Courtesy of American Poems
There are very few types of poetry that I enjoy. Despite finishing an English Literature degree in 2009, we didn’t actually study that much poetry – the majority of teaching was on literary criticism, novels and prose. However, one of the units that I did take (in my third year) was on Contemporary American Literature. We spent a mere week looking at the Beat Generation in the 50′s/60′s and the way they, and the counterculture movement that’s long been associated with them, shifted perceptions across the USA and beyond.

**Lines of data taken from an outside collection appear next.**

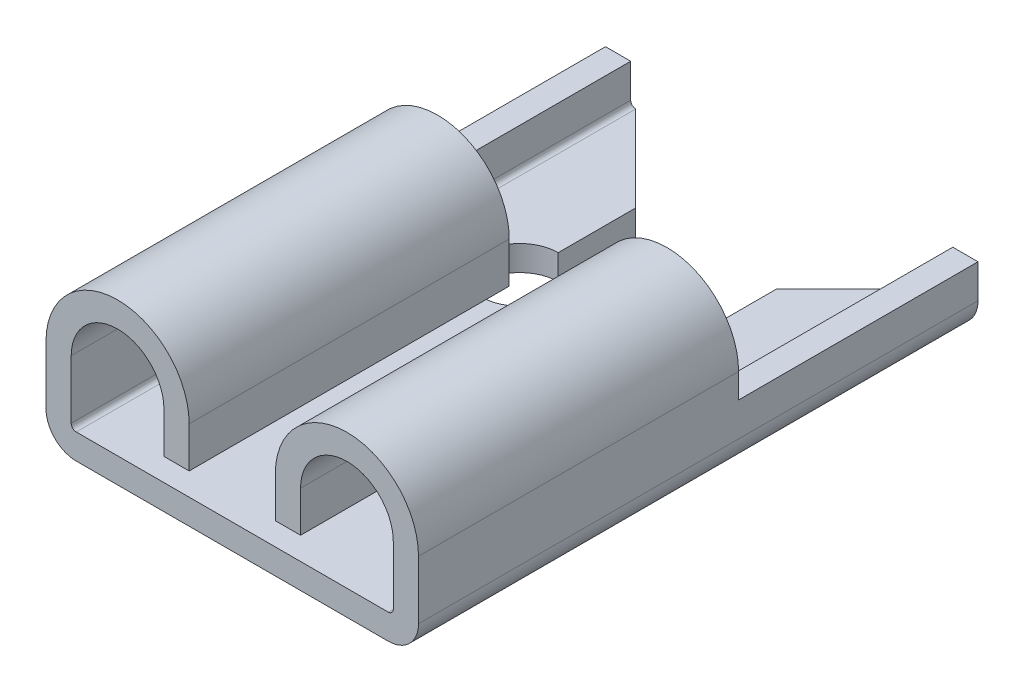
ISO-10303-21;
HEADER;
FILE_DESCRIPTION(('STEP AP214'),'2;1');
FILE_NAME('part.step','',(''),(''),'','','');
FILE_SCHEMA(('AUTOMOTIVE_DESIGN { 1 0 10303 214 1 1 1 1 }'));
ENDSEC;
DATA;
#1=APPLICATION_CONTEXT('core data for automotive mechanical design processes');
#2=APPLICATION_PROTOCOL_DEFINITION('international standard','automotive_design',2000,#1);
#3=PRODUCT_CONTEXT('',#1,'mechanical');
#4=PRODUCT('Part','Part','',(#3));
#5=PRODUCT_RELATED_PRODUCT_CATEGORY('part','',(#4));
#6=PRODUCT_DEFINITION_FORMATION('','',#4);
#7=PRODUCT_DEFINITION_CONTEXT('part definition',#1,'design');
#8=PRODUCT_DEFINITION('design','',#6,#7);
#9=PRODUCT_DEFINITION_SHAPE('','',#8);
#10=(LENGTH_UNIT() NAMED_UNIT(*) SI_UNIT(.MILLI.,.METRE.));
#11=(NAMED_UNIT(*) PLANE_ANGLE_UNIT() SI_UNIT($,.RADIAN.));
#12=(NAMED_UNIT(*) SI_UNIT($,.STERADIAN.) SOLID_ANGLE_UNIT());
#13=UNCERTAINTY_MEASURE_WITH_UNIT(LENGTH_MEASURE(1.E-05),#10,'distance_accuracy_value','');
#14=(GEOMETRIC_REPRESENTATION_CONTEXT(3) GLOBAL_UNCERTAINTY_ASSIGNED_CONTEXT((#13)) GLOBAL_UNIT_ASSIGNED_CONTEXT((#10,
#11,#12)) REPRESENTATION_CONTEXT('',''));
#15=CARTESIAN_POINT('',(0.,0.,0.));
#16=DIRECTION('',(0.,0.,1.));
#17=DIRECTION('',(1.,0.,0.));
#18=AXIS2_PLACEMENT_3D('',#15,#16,#17);
#19=CARTESIAN_POINT('',(-3.095,0.599999999999999,0.));
#20=DIRECTION('',(0.,0.,-1.));
#21=DIRECTION('',(-1.,0.,0.));
#22=AXIS2_PLACEMENT_3D('',#19,#20,#21);
#23=PLANE('',#22);
#24=DIRECTION('',(-1.,0.,0.));
#25=VECTOR('',#24,1.);
#26=CARTESIAN_POINT('',(-3.695,1.27,0.));
#27=LINE('',#26,#25);
#28=CARTESIAN_POINT('',(-3.195,1.27,0.));
#29=VERTEX_POINT('',#28);
#30=CARTESIAN_POINT('',(-3.695,1.27,0.));
#31=VERTEX_POINT('',#30);
#32=EDGE_CURVE('E472',#29,#31,#27,.T.);
#33=ORIENTED_EDGE('',*,*,#32,.F.);
#34=DIRECTION('',(0.,1.,0.));
#35=VECTOR('',#34,1.);
#36=CARTESIAN_POINT('',(-3.195,0.599999999999999,0.));
#37=LINE('',#36,#35);
#38=CARTESIAN_POINT('',(-3.195,0.599999999999999,0.));
#39=VERTEX_POINT('',#38);
#40=EDGE_CURVE('E404',#39,#29,#37,.T.);
#41=ORIENTED_EDGE('',*,*,#40,.F.);
#42=CARTESIAN_POINT('',(-3.095,0.599999999999999,0.));
#43=DIRECTION('',(0.,0.,-1.));
#44=DIRECTION('',(-1.,0.,0.));
#45=AXIS2_PLACEMENT_3D('',#42,#43,#44);
#46=CIRCLE('',#45,0.0999999999999998);
#47=CARTESIAN_POINT('',(-3.095,0.499999999999999,0.));
#48=VERTEX_POINT('',#47);
#49=EDGE_CURVE('E402',#48,#39,#46,.T.);
#50=ORIENTED_EDGE('',*,*,#49,.F.);
#51=DIRECTION('',(0.,-1.,0.));
#52=VECTOR('',#51,1.);
#53=CARTESIAN_POINT('',(-3.095,3.181,0.));
#54=LINE('',#53,#52);
#55=CARTESIAN_POINT('',(-3.095,0.,0.));
#56=VERTEX_POINT('',#55);
#57=EDGE_CURVE('E312',#48,#56,#54,.T.);
#58=ORIENTED_EDGE('',*,*,#57,.T.);
#59=CARTESIAN_POINT('',(-3.095,0.599999999999999,0.));
#60=DIRECTION('',(0.,0.,1.));
#61=DIRECTION('',(-1.,0.,0.));
#62=AXIS2_PLACEMENT_3D('',#59,#60,#61);
#63=CIRCLE('',#62,0.6);
#64=CARTESIAN_POINT('',(-3.695,0.599999999999999,0.));
#65=VERTEX_POINT('',#64);
#66=EDGE_CURVE('E337',#65,#56,#63,.T.);
#67=ORIENTED_EDGE('',*,*,#66,.F.);
#68=DIRECTION('',(0.,-1.,0.));
#69=VECTOR('',#68,1.);
#70=CARTESIAN_POINT('',(-3.695,0.599999999999999,0.));
#71=LINE('',#70,#69);
#72=EDGE_CURVE('E353',#31,#65,#71,.T.);
#73=ORIENTED_EDGE('',*,*,#72,.F.);
#74=EDGE_LOOP('',(#33,#41,#50,#58,#67,#73));
#75=FACE_BOUND('',#74,.T.);
#76=ADVANCED_FACE('F34',(#75),#23,.T.);
#77=CARTESIAN_POINT('',(-3.095,0.599999999999999,11.1));
#78=DIRECTION('',(0.,0.,-1.));
#79=DIRECTION('',(-1.,0.,0.));
#80=AXIS2_PLACEMENT_3D('',#77,#78,#79);
#81=CYLINDRICAL_SURFACE('',#80,0.6);
#82=ORIENTED_EDGE('',*,*,#66,.T.);
#83=DIRECTION('',(0.,0.,-1.));
#84=VECTOR('',#83,1.);
#85=CARTESIAN_POINT('',(-3.095,0.,11.1));
#86=LINE('',#85,#84);
#87=CARTESIAN_POINT('',(-3.095,0.,11.1));
#88=VERTEX_POINT('',#87);
#89=EDGE_CURVE('E11',#88,#56,#86,.T.);
#90=ORIENTED_EDGE('',*,*,#89,.F.);
#91=CARTESIAN_POINT('',(-3.095,0.599999999999999,11.1));
#92=DIRECTION('',(0.,0.,1.));
#93=DIRECTION('',(-1.,0.,0.));
#94=AXIS2_PLACEMENT_3D('',#91,#92,#93);
#95=CIRCLE('',#94,0.6);
#96=CARTESIAN_POINT('',(-3.695,0.599999999999999,11.1));
#97=VERTEX_POINT('',#96);
#98=EDGE_CURVE('E349',#97,#88,#95,.T.);
#99=ORIENTED_EDGE('',*,*,#98,.F.);
#100=DIRECTION('',(0.,0.,-1.));
#101=VECTOR('',#100,1.);
#102=CARTESIAN_POINT('',(-3.695,0.599999999999999,11.1));
#103=LINE('',#102,#101);
#104=EDGE_CURVE('E391',#97,#65,#103,.T.);
#105=ORIENTED_EDGE('',*,*,#104,.T.);
#106=EDGE_LOOP('',(#82,#90,#99,#105));
#107=FACE_BOUND('',#106,.T.);
#108=ADVANCED_FACE('F36',(#107),#81,.T.);
#109=CARTESIAN_POINT('',(0.,0.,11.1));
#110=DIRECTION('',(0.,1.,0.));
#111=DIRECTION('',(-1.,0.,0.));
#112=AXIS2_PLACEMENT_3D('',#109,#110,#111);
#113=PLANE('',#112);
#114=ORIENTED_EDGE('',*,*,#89,.T.);
#115=DIRECTION('',(-0.707106781186549,0.,-0.707106781186546));
#116=VECTOR('',#115,1.);
#117=CARTESIAN_POINT('',(-3.095,0.,0.));
#118=LINE('',#117,#116);
#119=CARTESIAN_POINT('',(-1.395,0.,1.69999999999999));
#120=VERTEX_POINT('',#119);
#121=EDGE_CURVE('E296',#120,#56,#118,.T.);
#122=ORIENTED_EDGE('',*,*,#121,.F.);
#123=DIRECTION('',(0.,0.,-1.));
#124=VECTOR('',#123,1.);
#125=CARTESIAN_POINT('',(-1.395,0.,1.69999999999999));
#126=LINE('',#125,#124);
#127=CARTESIAN_POINT('',(-1.395,0.,3.238));
#128=VERTEX_POINT('',#127);
#129=EDGE_CURVE('E308',#128,#120,#126,.T.);
#130=ORIENTED_EDGE('',*,*,#129,.F.);
#131=CARTESIAN_POINT('',(-1.395,0.,4.));
#132=DIRECTION('',(0.,-1.,0.));
#133=DIRECTION('',(-1.,0.,0.));
#134=AXIS2_PLACEMENT_3D('',#131,#132,#133);
#135=CIRCLE('',#134,0.761999999999999);
#136=CARTESIAN_POINT('',(-0.633000000000001,0.,4.));
#137=VERTEX_POINT('',#136);
#138=EDGE_CURVE('E324',#137,#128,#135,.T.);
#139=ORIENTED_EDGE('',*,*,#138,.F.);
#140=DIRECTION('',(-1.,0.,0.));
#141=VECTOR('',#140,1.);
#142=CARTESIAN_POINT('',(-0.633000000000001,0.,4.));
#143=LINE('',#142,#141);
#144=CARTESIAN_POINT('',(0.632999999999999,0.,4.));
#145=VERTEX_POINT('',#144);
#146=EDGE_CURVE('E327',#145,#137,#143,.T.);
#147=ORIENTED_EDGE('',*,*,#146,.F.);
#148=CARTESIAN_POINT('',(1.395,0.,4.));
#149=DIRECTION('',(0.,-1.,0.));
#150=DIRECTION('',(1.,0.,0.));
#151=AXIS2_PLACEMENT_3D('',#148,#149,#150);
#152=CIRCLE('',#151,0.761999999999999);
#153=CARTESIAN_POINT('',(1.395,0.,3.238));
#154=VERTEX_POINT('',#153);
#155=EDGE_CURVE('E317',#154,#145,#152,.T.);
#156=ORIENTED_EDGE('',*,*,#155,.F.);
#157=DIRECTION('',(0.,0.,1.));
#158=VECTOR('',#157,1.);
#159=CARTESIAN_POINT('',(1.395,0.,1.69999999999999));
#160=LINE('',#159,#158);
#161=CARTESIAN_POINT('',(1.395,0.,1.69999999999999));
#162=VERTEX_POINT('',#161);
#163=EDGE_CURVE('E314',#162,#154,#160,.T.);
#164=ORIENTED_EDGE('',*,*,#163,.F.);
#165=DIRECTION('',(-0.707106781186549,0.,0.707106781186546));
#166=VECTOR('',#165,1.);
#167=CARTESIAN_POINT('',(3.095,0.,0.));
#168=LINE('',#167,#166);
#169=CARTESIAN_POINT('',(3.095,0.,0.));
#170=VERTEX_POINT('',#169);
#171=EDGE_CURVE('E318',#170,#162,#168,.T.);
#172=ORIENTED_EDGE('',*,*,#171,.F.);
#173=DIRECTION('',(0.,0.,-1.));
#174=VECTOR('',#173,1.);
#175=CARTESIAN_POINT('',(3.095,0.,11.1));
#176=LINE('',#175,#174);
#177=CARTESIAN_POINT('',(3.095,0.,11.1));
#178=VERTEX_POINT('',#177);
#179=EDGE_CURVE('E42',#178,#170,#176,.T.);
#180=ORIENTED_EDGE('',*,*,#179,.F.);
#181=DIRECTION('',(1.,0.,0.));
#182=VECTOR('',#181,1.);
#183=CARTESIAN_POINT('',(0.,0.,11.1));
#184=LINE('',#183,#182);
#185=EDGE_CURVE('E352',#88,#178,#184,.T.);
#186=ORIENTED_EDGE('',*,*,#185,.F.);
#187=EDGE_LOOP('',(#114,#122,#130,#139,#147,#156,#164,#172,#180,#186));
#188=FACE_BOUND('',#187,.T.);
#189=ADVANCED_FACE('F525',(#188),#113,.F.);
#190=CARTESIAN_POINT('',(3.095,0.599999999999999,11.1));
#191=DIRECTION('',(0.,0.,-1.));
#192=DIRECTION('',(-1.,0.,0.));
#193=AXIS2_PLACEMENT_3D('',#190,#191,#192);
#194=CYLINDRICAL_SURFACE('',#193,0.6);
#195=CARTESIAN_POINT('',(3.095,0.599999999999999,0.));
#196=DIRECTION('',(0.,0.,1.));
#197=DIRECTION('',(1.,0.,0.));
#198=AXIS2_PLACEMENT_3D('',#195,#196,#197);
#199=CIRCLE('',#198,0.6);
#200=CARTESIAN_POINT('',(3.695,0.599999999999999,0.));
#201=VERTEX_POINT('',#200);
#202=EDGE_CURVE('E394',#170,#201,#199,.T.);
#203=ORIENTED_EDGE('',*,*,#202,.T.);
#204=DIRECTION('',(0.,0.,-1.));
#205=VECTOR('',#204,1.);
#206=CARTESIAN_POINT('',(3.695,0.599999999999999,11.1));
#207=LINE('',#206,#205);
#208=CARTESIAN_POINT('',(3.695,0.599999999999999,11.1));
#209=VERTEX_POINT('',#208);
#210=EDGE_CURVE('E457',#209,#201,#207,.T.);
#211=ORIENTED_EDGE('',*,*,#210,.F.);
#212=CARTESIAN_POINT('',(3.095,0.599999999999999,11.1));
#213=DIRECTION('',(0.,0.,1.));
#214=DIRECTION('',(1.,0.,0.));
#215=AXIS2_PLACEMENT_3D('',#212,#213,#214);
#216=CIRCLE('',#215,0.6);
#217=EDGE_CURVE('E355',#178,#209,#216,.T.);
#218=ORIENTED_EDGE('',*,*,#217,.F.);
#219=ORIENTED_EDGE('',*,*,#179,.T.);
#220=EDGE_LOOP('',(#203,#211,#218,#219));
#221=FACE_BOUND('',#220,.T.);
#222=ADVANCED_FACE('F463',(#221),#194,.T.);
#223=CARTESIAN_POINT('',(3.695,0.599999999999999,11.1));
#224=DIRECTION('',(-1.,0.,0.));
#225=DIRECTION('',(0.,-1.,0.));
#226=AXIS2_PLACEMENT_3D('',#223,#224,#225);
#227=PLANE('',#226);
#228=DIRECTION('',(0.,1.,0.));
#229=VECTOR('',#228,1.);
#230=CARTESIAN_POINT('',(3.695,0.599999999999999,0.));
#231=LINE('',#230,#229);
#232=CARTESIAN_POINT('',(3.695,1.27,0.));
#233=VERTEX_POINT('',#232);
#234=EDGE_CURVE('E253',#201,#233,#231,.T.);
#235=ORIENTED_EDGE('',*,*,#234,.T.);
#236=DIRECTION('',(0.,0.,-1.));
#237=VECTOR('',#236,1.);
#238=CARTESIAN_POINT('',(3.695,1.27,4.75));
#239=LINE('',#238,#237);
#240=CARTESIAN_POINT('',(3.695,1.27,4.75));
#241=VERTEX_POINT('',#240);
#242=EDGE_CURVE('E57',#241,#233,#239,.T.);
#243=ORIENTED_EDGE('',*,*,#242,.F.);
#244=DIRECTION('',(0.,-1.,0.));
#245=VECTOR('',#244,1.);
#246=CARTESIAN_POINT('',(3.695,3.31172477789102,4.75));
#247=LINE('',#246,#245);
#248=CARTESIAN_POINT('',(3.695,1.76,4.75));
#249=VERTEX_POINT('',#248);
#250=EDGE_CURVE('E233',#249,#241,#247,.T.);
#251=ORIENTED_EDGE('',*,*,#250,.F.);
#252=DIRECTION('',(0.,0.,-1.));
#253=VECTOR('',#252,1.);
#254=CARTESIAN_POINT('',(3.695,1.76,11.1));
#255=LINE('',#254,#253);
#256=CARTESIAN_POINT('',(3.695,1.76,11.1));
#257=VERTEX_POINT('',#256);
#258=EDGE_CURVE('E455',#257,#249,#255,.T.);
#259=ORIENTED_EDGE('',*,*,#258,.F.);
#260=DIRECTION('',(0.,1.,0.));
#261=VECTOR('',#260,1.);
#262=CARTESIAN_POINT('',(3.695,0.599999999999999,11.1));
#263=LINE('',#262,#261);
#264=EDGE_CURVE('E357',#209,#257,#263,.T.);
#265=ORIENTED_EDGE('',*,*,#264,.F.);
#266=ORIENTED_EDGE('',*,*,#210,.T.);
#267=EDGE_LOOP('',(#235,#243,#251,#259,#265,#266));
#268=FACE_BOUND('',#267,.T.);
#269=ADVANCED_FACE('F250',(#268),#227,.F.);
#270=CARTESIAN_POINT('',(2.275,1.76,11.1));
#271=DIRECTION('',(0.,0.,-1.));
#272=DIRECTION('',(-1.,0.,0.));
#273=AXIS2_PLACEMENT_3D('',#270,#271,#272);
#274=CYLINDRICAL_SURFACE('',#273,1.42);
#275=ORIENTED_EDGE('',*,*,#258,.T.);
#276=CARTESIAN_POINT('',(2.275,1.76,4.75));
#277=DIRECTION('',(0.,0.,1.));
#278=DIRECTION('',(1.,0.,0.));
#279=AXIS2_PLACEMENT_3D('',#276,#277,#278);
#280=CIRCLE('',#279,1.42);
#281=CARTESIAN_POINT('',(0.855,1.76,4.75));
#282=VERTEX_POINT('',#281);
#283=EDGE_CURVE('E238',#249,#282,#280,.T.);
#284=ORIENTED_EDGE('',*,*,#283,.T.);
#285=DIRECTION('',(0.,0.,-1.));
#286=VECTOR('',#285,1.);
#287=CARTESIAN_POINT('',(0.855,1.76,11.1));
#288=LINE('',#287,#286);
#289=CARTESIAN_POINT('',(0.855,1.76,11.1));
#290=VERTEX_POINT('',#289);
#291=EDGE_CURVE('E452',#290,#282,#288,.T.);
#292=ORIENTED_EDGE('',*,*,#291,.F.);
#293=CARTESIAN_POINT('',(2.275,1.76,11.1));
#294=DIRECTION('',(0.,0.,1.));
#295=DIRECTION('',(-1.,0.,0.));
#296=AXIS2_PLACEMENT_3D('',#293,#294,#295);
#297=CIRCLE('',#296,1.42);
#298=EDGE_CURVE('E359',#257,#290,#297,.T.);
#299=ORIENTED_EDGE('',*,*,#298,.F.);
#300=EDGE_LOOP('',(#275,#284,#292,#299));
#301=FACE_BOUND('',#300,.T.);
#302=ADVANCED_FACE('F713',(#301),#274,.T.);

The culmination of the beat poets was Allen Ginsberg’s Howl which bobs and weaves with playful language as it deals with everything from ‘The Man’ to the humble tramp on the street. It’s a remarkable piece of writing, and one that’s found the attention of cinema in a same-name film. Obscene, thought provoking and endlessly critiqued, go listen to Howl being read by Ginsberg himself.
I’m looking forward to the film, purely to see what James Franco, one of my favourite actors, does with the role. Supposedly he’s managed to imitate Ginsberg fantastically getting his mannerisms and vocal quivers perfect. Franco’s a wonderful actor and an often ignored talent – hopefully this and his appearance in Boyle’s 127 Hours will help improve his mainstream appeal. Pineapple Express showed his versatility.
I like Howl so much that when I was in San Francisco for the first time, two years ago, I visited City Light Books and purchased a copy of it. It’s the only book of poetry that I own and the bag it came in is sellotaped to my wall.
Side note – Vincent Cassel who I talked about in the breathtaking Mesrine films is in Black Swan, the film that’s currently doing the Oscar-rounds. You learn something new every day. Concerning the counterculture movement, watch Easy Rider.